What information exactly does the orientation of the ray give in the applications given on this slide? I can see that, for collision detection, it might be important to know from what direction a collision is happening, but why does the direction matter for things like inside-outside test and visibility?

Sleepyhead08

For any point, I can see that in practice the ray would know in which direction to aim in order to locate the object (just get the mesh's central coordinates), but how would we know when to stop traversing the ray? Since this is supposed to work in general, and we pick a random direction, how do we know we don't just have a really large mesh and we're on the inside of it?

keenan

@ericchan The basic idea of the inside-outside test really requires that you shoot a ray from a certain point (the point where you're "standing") rather than just intersecting with a line.
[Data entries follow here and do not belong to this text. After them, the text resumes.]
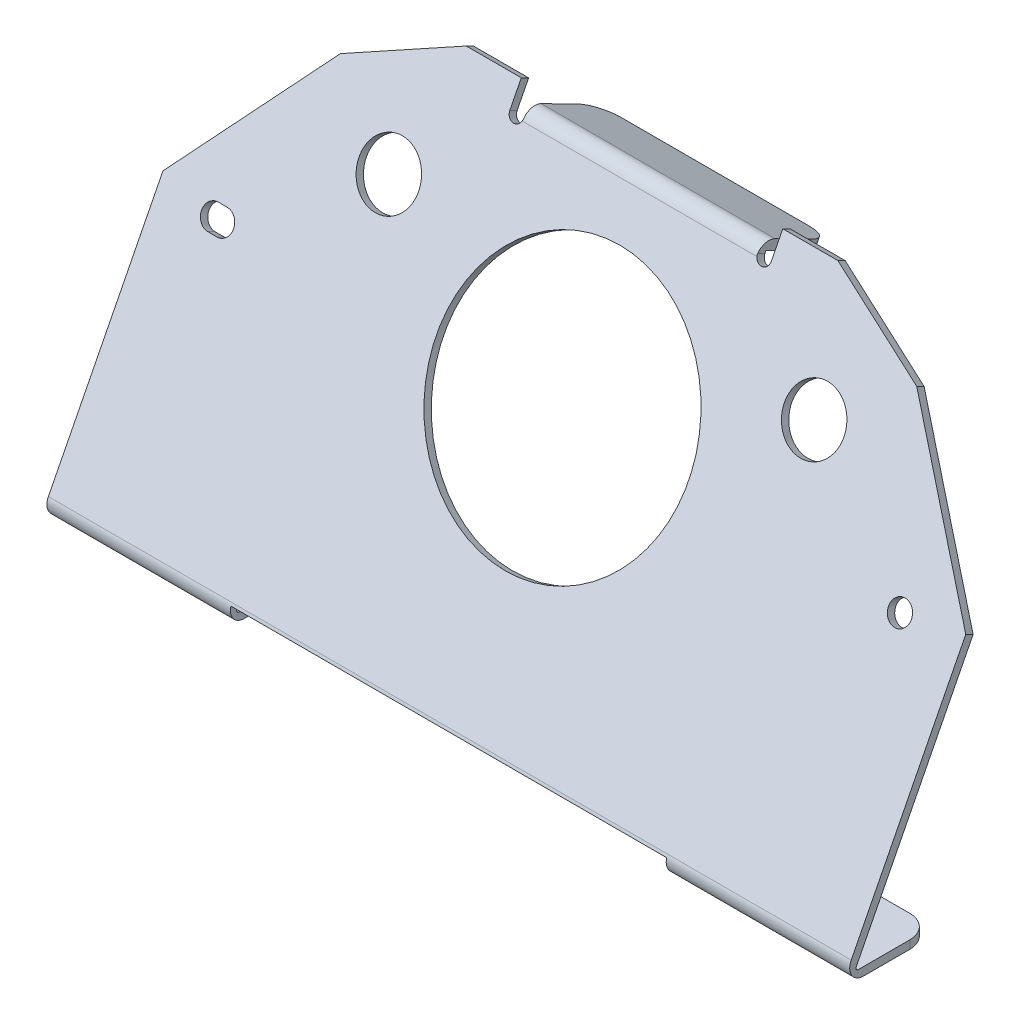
ISO-10303-21;
HEADER;
FILE_DESCRIPTION(('STEP AP214'),'2;1');
FILE_NAME('part.step','',(''),(''),'','','');
FILE_SCHEMA(('AUTOMOTIVE_DESIGN { 1 0 10303 214 1 1 1 1 }'));
ENDSEC;
DATA;
#1=APPLICATION_CONTEXT('core data for automotive mechanical design processes');
#2=APPLICATION_PROTOCOL_DEFINITION('international standard','automotive_design',2000,#1);
#3=PRODUCT_CONTEXT('',#1,'mechanical');
#4=PRODUCT('Part','Part','',(#3));
#5=PRODUCT_RELATED_PRODUCT_CATEGORY('part','',(#4));
#6=PRODUCT_DEFINITION_FORMATION('','',#4);
#7=PRODUCT_DEFINITION_CONTEXT('part definition',#1,'design');
#8=PRODUCT_DEFINITION('design','',#6,#7);
#9=PRODUCT_DEFINITION_SHAPE('','',#8);
#10=(LENGTH_UNIT() NAMED_UNIT(*) SI_UNIT(.MILLI.,.METRE.));
#11=(NAMED_UNIT(*) PLANE_ANGLE_UNIT() SI_UNIT($,.RADIAN.));
#12=(NAMED_UNIT(*) SI_UNIT($,.STERADIAN.) SOLID_ANGLE_UNIT());
#13=UNCERTAINTY_MEASURE_WITH_UNIT(LENGTH_MEASURE(1.E-05),#10,'distance_accuracy_value','');
#14=(GEOMETRIC_REPRESENTATION_CONTEXT(3) GLOBAL_UNCERTAINTY_ASSIGNED_CONTEXT((#13)) GLOBAL_UNIT_ASSIGNED_CONTEXT((#10,
#11,#12)) REPRESENTATION_CONTEXT('',''));
#15=CARTESIAN_POINT('',(0.,0.,0.));
#16=DIRECTION('',(0.,0.,1.));
#17=DIRECTION('',(1.,0.,0.));
#18=AXIS2_PLACEMENT_3D('',#15,#16,#17);
#19=CARTESIAN_POINT('',(175.,90.8826654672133,-26.3070309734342));
#20=DIRECTION('',(0.,-0.891006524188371,0.45399049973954));
#21=DIRECTION('',(0.,-0.45399049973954,-0.891006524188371));
#22=AXIS2_PLACEMENT_3D('',#19,#20,#21);
#23=PLANE('',#22);
#24=DIRECTION('',(-1.,0.,0.));
#25=VECTOR('',#24,1.);
#26=CARTESIAN_POINT('',(175.,90.8826654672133,-26.3070309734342));
#27=LINE('',#26,#25);
#28=CARTESIAN_POINT('',(59.,90.8826654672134,-26.3070309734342));
#29=VERTEX_POINT('',#28);
#30=CARTESIAN_POINT('',(47.,90.8826654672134,-26.3070309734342));
#31=VERTEX_POINT('',#30);
#32=EDGE_CURVE('E495',#29,#31,#27,.T.);
#33=ORIENTED_EDGE('',*,*,#32,.F.);
#34=DIRECTION('',(0.,-0.45399049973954,-0.891006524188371));
#35=VECTOR('',#34,1.);
#36=CARTESIAN_POINT('',(59.,90.8826654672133,-26.3070309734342));
#37=LINE('',#36,#35);
#38=CARTESIAN_POINT('',(59.,90.0654825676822,-27.9108427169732));
#39=VERTEX_POINT('',#38);
#40=EDGE_CURVE('E412',#29,#39,#37,.T.);
#41=ORIENTED_EDGE('',*,*,#40,.T.);
#42=DIRECTION('',(-1.,0.,0.));
#43=VECTOR('',#42,1.);
#44=CARTESIAN_POINT('',(175.,90.0654825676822,-27.9108427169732));
#45=LINE('',#44,#43);
#46=CARTESIAN_POINT('',(47.,90.0654825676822,-27.9108427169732));
#47=VERTEX_POINT('',#46);
#48=EDGE_CURVE('E499',#39,#47,#45,.T.);
#49=ORIENTED_EDGE('',*,*,#48,.T.);
#50=DIRECTION('',(0.,0.453990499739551,0.891006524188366));
#51=VECTOR('',#50,1.);
#52=CARTESIAN_POINT('',(47.,11.434328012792,-182.233172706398));
#53=LINE('',#52,#51);
#54=EDGE_CURVE('E428',#47,#31,#53,.T.);
#55=ORIENTED_EDGE('',*,*,#54,.T.);
#56=EDGE_LOOP('',(#33,#41,#49,#55));
#57=FACE_BOUND('',#56,.T.);
#58=ADVANCED_FACE('F35',(#57),#23,.F.);
#59=CARTESIAN_POINT('',(175.,1.8,0.));
#60=DIRECTION('',(0.,0.,1.));
#61=DIRECTION('',(1.,0.,0.));
#62=AXIS2_PLACEMENT_3D('',#59,#60,#61);
#63=PLANE('',#62);
#64=DIRECTION('',(-1.,0.,0.));
#65=VECTOR('',#64,1.);
#66=CARTESIAN_POINT('',(175.,0.,0.));
#67=LINE('',#66,#65);
#68=CARTESIAN_POINT('',(170.,0.,0.));
#69=VERTEX_POINT('',#68);
#70=CARTESIAN_POINT('',(140.,0.,0.));
#71=VERTEX_POINT('',#70);
#72=EDGE_CURVE('E492',#69,#71,#67,.T.);
#73=ORIENTED_EDGE('',*,*,#72,.T.);
#74=DIRECTION('',(0.,1.,0.));
#75=VECTOR('',#74,1.);
#76=CARTESIAN_POINT('',(140.,1.8,0.));
#77=LINE('',#76,#75);
#78=CARTESIAN_POINT('',(140.,1.8,0.));
#79=VERTEX_POINT('',#78);
#80=EDGE_CURVE('E544',#71,#79,#77,.T.);
#81=ORIENTED_EDGE('',*,*,#80,.T.);
#82=DIRECTION('',(-1.,0.,0.));
#83=VECTOR('',#82,1.);
#84=CARTESIAN_POINT('',(175.,1.8,0.));
#85=LINE('',#84,#83);
#86=CARTESIAN_POINT('',(170.,1.8,0.));
#87=VERTEX_POINT('',#86);
#88=EDGE_CURVE('E504',#87,#79,#85,.T.);
#89=ORIENTED_EDGE('',*,*,#88,.F.);
#90=DIRECTION('',(0.,1.,0.));
#91=VECTOR('',#90,1.);
#92=CARTESIAN_POINT('',(170.,1.8,0.));
#93=LINE('',#92,#91);
#94=EDGE_CURVE('E542',#87,#69,#93,.F.);
#95=ORIENTED_EDGE('',*,*,#94,.T.);
#96=EDGE_LOOP('',(#73,#81,#89,#95));
#97=FACE_BOUND('',#96,.T.);
#98=ADVANCED_FACE('F727',(#97),#63,.F.);
#99=CARTESIAN_POINT('',(175.,1.8,0.));
#100=DIRECTION('',(0.,-1.,0.));
#101=DIRECTION('',(0.,0.,-1.));
#102=AXIS2_PLACEMENT_3D('',#99,#100,#101);
#103=PLANE('',#102);
#104=CARTESIAN_POINT('',(155.,1.8,8.34979573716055));
#105=DIRECTION('',(0.,1.,0.));
#106=DIRECTION('',(0.,0.,1.));
#107=AXIS2_PLACEMENT_3D('',#104,#105,#106);
#108=CIRCLE('',#107,4.99999999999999);
#109=CARTESIAN_POINT('',(155.,1.8,13.3497957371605));
#110=VERTEX_POINT('',#109);
#111=EDGE_CURVE('E453',#110,#110,#108,.T.);
#112=ORIENTED_EDGE('',*,*,#111,.F.);
#113=EDGE_LOOP('',(#112));
#114=FACE_BOUND('',#113,.T.);
#115=DIRECTION('',(0.,0.,-1.));
#116=VECTOR('',#115,1.);
#117=CARTESIAN_POINT('',(135.,1.8,17.0626669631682));
#118=LINE('',#117,#116);
#119=CARTESIAN_POINT('',(135.,1.8,16.2467411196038));
#120=VERTEX_POINT('',#119);
#121=CARTESIAN_POINT('',(135.,1.8,5.));
#122=VERTEX_POINT('',#121);
#123=EDGE_CURVE('E461',#120,#122,#118,.T.);
#124=ORIENTED_EDGE('',*,*,#123,.F.);
#125=DIRECTION('',(-1.,0.,0.));
#126=VECTOR('',#125,1.);
#127=CARTESIAN_POINT('',(175.,1.8,16.2467411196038));
#128=LINE('',#127,#126);
#129=CARTESIAN_POINT('',(175.,1.8,16.2467411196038));
#130=VERTEX_POINT('',#129);
#131=EDGE_CURVE('E670',#120,#130,#128,.F.);
#132=ORIENTED_EDGE('',*,*,#131,.T.);
#133=DIRECTION('',(0.,0.,1.));
#134=VECTOR('',#133,1.);
#135=CARTESIAN_POINT('',(175.,1.8,0.));
#136=LINE('',#135,#134);
#137=CARTESIAN_POINT('',(175.,1.8,5.));
#138=VERTEX_POINT('',#137);
#139=EDGE_CURVE('E472',#138,#130,#136,.T.);
#140=ORIENTED_EDGE('',*,*,#139,.F.);
#141=CARTESIAN_POINT('',(170.,1.8,5.));
#142=DIRECTION('',(0.,-1.,0.));
#143=DIRECTION('',(0.,0.,-1.));
#144=AXIS2_PLACEMENT_3D('',#141,#142,#143);
#145=CIRCLE('',#144,5.);
#146=EDGE_CURVE('E547',#138,#87,#145,.F.);
#147=ORIENTED_EDGE('',*,*,#146,.T.);
#148=ORIENTED_EDGE('',*,*,#88,.T.);
#149=CARTESIAN_POINT('',(140.,1.8,5.));
#150=DIRECTION('',(0.,-1.,0.));
#151=DIRECTION('',(0.,0.,-1.));
#152=AXIS2_PLACEMENT_3D('',#149,#150,#151);
#153=CIRCLE('',#152,5.);
#154=EDGE_CURVE('E549',#79,#122,#153,.F.);
#155=ORIENTED_EDGE('',*,*,#154,.T.);
#156=EDGE_LOOP('',(#124,#132,#140,#147,#148,#155));
#157=FACE_BOUND('',#156,.T.);
#158=ADVANCED_FACE('F683',(#114,#157),#103,.F.);
#159=CARTESIAN_POINT('',(175.,0.,0.));
#160=DIRECTION('',(0.,1.,0.));
#161=DIRECTION('',(0.,0.,1.));
#162=AXIS2_PLACEMENT_3D('',#159,#160,#161);
#163=PLANE('',#162);
#164=CARTESIAN_POINT('',(155.,0.,8.34979573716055));
#165=DIRECTION('',(0.,1.,0.));
#166=DIRECTION('',(0.,0.,1.));
#167=AXIS2_PLACEMENT_3D('',#164,#165,#166);
#168=CIRCLE('',#167,4.99999999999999);
#169=CARTESIAN_POINT('',(155.,0.,13.3497957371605));
#170=VERTEX_POINT('',#169);
#171=EDGE_CURVE('E456',#170,#170,#168,.T.);
#172=ORIENTED_EDGE('',*,*,#171,.T.);
#173=EDGE_LOOP('',(#172));
#174=FACE_BOUND('',#173,.T.);
#175=DIRECTION('',(0.,0.,-1.));
#176=VECTOR('',#175,1.);
#177=CARTESIAN_POINT('',(135.,0.,0.));
#178=LINE('',#177,#176);
#179=CARTESIAN_POINT('',(135.,0.,15.1044449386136));
#180=VERTEX_POINT('',#179);
#181=CARTESIAN_POINT('',(135.,0.,5.));
#182=VERTEX_POINT('',#181);
#183=EDGE_CURVE('E468',#180,#182,#178,.T.);
#184=ORIENTED_EDGE('',*,*,#183,.T.);
#185=CARTESIAN_POINT('',(140.,0.,5.));
#186=DIRECTION('',(0.,1.,0.));
#187=DIRECTION('',(0.,0.,1.));
#188=AXIS2_PLACEMENT_3D('',#185,#186,#187);
#189=CIRCLE('',#188,5.);
#190=EDGE_CURVE('E556',#182,#71,#189,.F.);
#191=ORIENTED_EDGE('',*,*,#190,.T.);
#192=ORIENTED_EDGE('',*,*,#72,.F.);
#193=CARTESIAN_POINT('',(170.,0.,5.));
#194=DIRECTION('',(0.,1.,0.));
#195=DIRECTION('',(0.,0.,1.));
#196=AXIS2_PLACEMENT_3D('',#193,#194,#195);
#197=CIRCLE('',#196,5.);
#198=CARTESIAN_POINT('',(175.,0.,5.));
#199=VERTEX_POINT('',#198);
#200=EDGE_CURVE('E554',#69,#199,#197,.F.);
#201=ORIENTED_EDGE('',*,*,#200,.T.);
#202=DIRECTION('',(0.,0.,-1.));
#203=VECTOR('',#202,1.);
#204=CARTESIAN_POINT('',(175.,0.,0.));
#205=LINE('',#204,#203);
#206=CARTESIAN_POINT('',(175.,0.,15.1044449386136));
#207=VERTEX_POINT('',#206);
#208=EDGE_CURVE('E480',#207,#199,#205,.T.);
#209=ORIENTED_EDGE('',*,*,#208,.F.);
#210=DIRECTION('',(-1.,0.,0.));
#211=VECTOR('',#210,1.);
#212=CARTESIAN_POINT('',(175.,0.,15.1044449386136));
#213=LINE('',#212,#211);
#214=EDGE_CURVE('E508',#207,#180,#213,.T.);
#215=ORIENTED_EDGE('',*,*,#214,.T.);
#216=EDGE_LOOP('',(#184,#191,#192,#201,#209,#215));
#217=FACE_BOUND('',#216,.T.);
#218=ADVANCED_FACE('F717',(#174,#217),#163,.F.);
#219=CARTESIAN_POINT('',(35.,0.,0.));
#220=VERTEX_POINT('',#219);
#221=CARTESIAN_POINT('',(5.,0.,0.));
#222=VERTEX_POINT('',#221);
#223=EDGE_CURVE('E483',#220,#222,#67,.T.);
#224=ORIENTED_EDGE('',*,*,#223,.T.);
#225=DIRECTION('',(0.,1.,0.));
#226=VECTOR('',#225,1.);
#227=CARTESIAN_POINT('',(5.,1.8,0.));
#228=LINE('',#227,#226);
#229=CARTESIAN_POINT('',(5.,1.8,0.));
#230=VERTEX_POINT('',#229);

Otherwise, what exactly are you testing? :-) It doesn't matter which direction you shoot the ray, though; the even/odd parity will be invariant with respect to the ray direction and orientation (unless the ray grazes the surface tangentially). Likewise, visibility is directional: what I can see in front of me is very different from what I see behind me! (Perhaps I'm also just not understanding your question.)

keenan

@Sleepyhead08 It's really important here to realize that, algorithmically, we are not "stepping" along the ray. We are doing a single, closed-form test that determines whether an intersection occurs anywhere along the infinite ray. Imagining that we are moving along the ray is perhaps useful conceptually, but it's really not how the algorithm works. For instance, if we intersect a ray $r(t) = o + td$ with a plane $\langle N, x \rangle = c$, then we can just use some simple algebra to directly solve for the t value at which the intersection occurs, namely

$$ t = \frac{c - \langle N, c \rangle}{\langle N, d \rangle}. $$

The size of the mesh makes absolutely no difference here.